Forgive the reason why you want to decompose matrix $A$ at first place like this, $$ \begin{bmatrix} 1 & 2 & 3 \\ 1 & 1 & 2 \\ 1 & 2 & 3 \\ \end{bmatrix} = \begin{bmatrix} 1 & 0 & 1 \\ 1 & 0 & 1 \\ 1 & 0 & 1 \\ \end{bmatrix} + \begin{bmatrix} 0 & 2 & 2 \\ 0 & 1 & 1 \\ 0 & 2 & 2 \\ \end{bmatrix} $$ but you can, and in the end, it looks reasonable.

If you view this equation column wise, each $column_j$ of $A$ is the sum of corresponding $column_j$ of each matrix in RHS.

What's special about each matrix of RHS is that each of them is a rank 1 matrix whose column space is the line each base of column space of $A$ lies on. e,g. $ \begin{bmatrix} 1 & 0 & 1 \\ 1 & 0 & 1 \\ 1 & 0 & 1 \\ \end{bmatrix} $ spans only $\begin{bmatrix} 1 \\ 1 \\ 1 \\\end{bmatrix}$. And people say rank 1 matrices are the building blocks of any matrices.

If now you revisit the concept of viewing $A$ column by column, this decomposition actually emphasizes the concept of linear combination of base vectors.

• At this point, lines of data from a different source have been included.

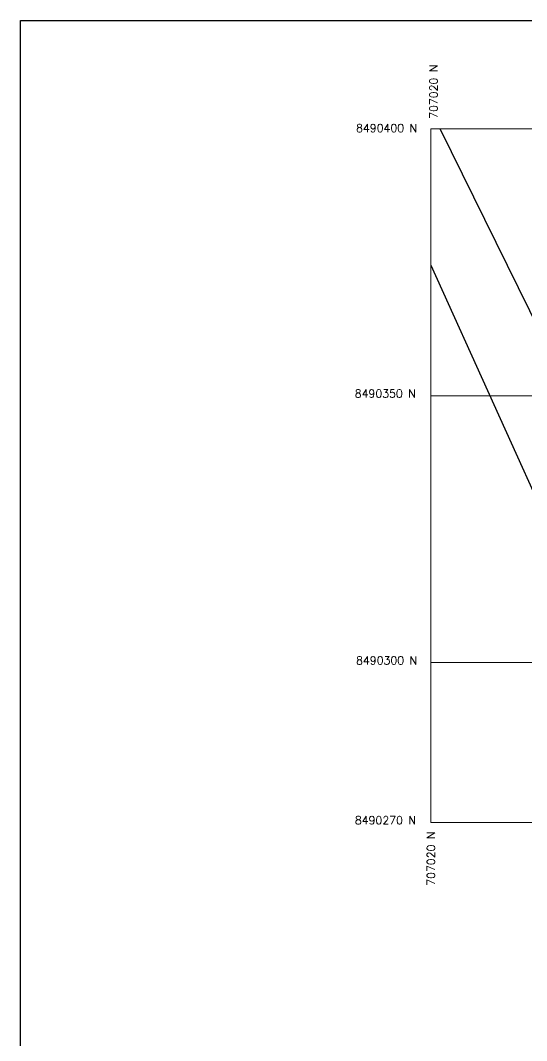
# Model space of a CAD drawing. Header units: metres. Extents: x 706106 to 709341, y 8490035 to 8490642.
# Drawn here: x 706943.1 to 707038, y 8490229.1 to 8490420.4 of the extents above; entities that cross this region are included whole.
import ezdxf

# ---------------------------------------------------------------- set-up
doc = ezdxf.new("R2010")
doc.units = ezdxf.units.M
doc.layers.add('A-ACOTACION', color=7, linetype='Continuous', lineweight=9)
doc.layers.add('BLOQUES', color=7, linetype='Continuous', lineweight=60)
doc.layers.add('C-ANNO-MATC-TEXT', color=150, linetype='Continuous')
doc.styles.get("Standard").update_dxf_attribs({"font": 'simplex.shx'})

msp = doc.modelspace()

# ---------------------------------------------------------------- linework, layer by layer
at = {"flags": 128}
for points in [[(707086.6722, 8490321.3777), (707065.8757, 8490310.4629), (707021.7458, 8490399.9999)], [(707020.0002, 8490374.4502), (707067.2514, 8490269.9999)]]:
    msp.add_lwpolyline(points, dxfattribs=at)
at = {"layer": 'A-ACOTACION', "lineweight": 30, "flags": 128}
msp.add_lwpolyline([(706943.0805, 8490420.3514), (707463.2805, 8490420.3514), (707463.2805, 8490037.8514), (706943.0805, 8490037.8514), (706943.0805, 8490420.3514)], dxfattribs=at)
at = {"layer": 'C-ANNO-MATC-TEXT', "lineweight": 9}
for p, q in [((707020.0002, 8490269.9999), (707020.0002, 8490399.9999)), ((707020.0002, 8490399.9999), (707180.0002, 8490399.9999)), ((707020.0002, 8490349.9999), (707180.0002, 8490349.9999)), ((707020.0002, 8490299.9999), (707180.0002, 8490299.9999)), ((707020.0002, 8490269.9999), (707180.0002, 8490269.9999))]:
    msp.add_line(p, q, dxfattribs=at)

# ---------------------------------------------------------------- texts
at = {"layer": 'BLOQUES', "lineweight": 25, "char_height": 1.5, "attachment_point": 5, "rotation": 90}
for insert in [(707020.5336, 8490406.9833), (707020.0373, 8490263.2094)]:
    msp.add_mtext('707020 N', dxfattribs=dict(at, insert=insert))
at = {"layer": 'BLOQUES', "lineweight": 25, "char_height": 1.5, "attachment_point": 5}
for s, insert in [('8490400 N', (707011.7273, 8490400.1641)), ('8490350 N', (707011.4796, 8490350.396)), ('8490300 N', (707011.7251, 8490300.3652)), ('8490270 N', (707011.5003, 8490270.4093))]:
    msp.add_mtext(s, dxfattribs=dict(at, insert=insert))

doc.saveas('drawing.dxf')

If these make sense, you could extend the RHS further, $$ \begin{bmatrix} 1 & 2 & 3 \\ 1 & 1 & 2 \\ 1 & 2 & 3 \\ \end{bmatrix} = \begin{bmatrix} 1 \\ 1 \\ 1 \\\end{bmatrix} \begin{bmatrix} 1 & 0 & 1 \\\end{bmatrix} + \begin{bmatrix} 2 \\ 1 \\ 2 \\\end{bmatrix} \begin{bmatrix} 0 & 1 & 1 \\\end{bmatrix} $$ Each term in RHS says take this base, and make it "look like" a rank 3 matrix.

And we can massage it a little bit, namely put RHS into matrix form, you get $$ \begin{bmatrix} 1 & 2 & 3 \\ 1 & 1 & 2 \\ 1 & 2 & 3 \\ \end{bmatrix} = \begin{bmatrix} 1 & 2 \\ 1 & 1 \\ 1 & 2 \\ \end{bmatrix} \begin{bmatrix} 1 & 0 & 1 \\ 0 & 1 & 1 \\ \end{bmatrix} $$

Now you can forget matrix $A$, and imagine what you have are just two matrices on RHS. When you read this text backward(I mean logically), I hope matrix multiplication in this fashion makes sense to you now. Or if you prefer, you can start with two matrices in the question.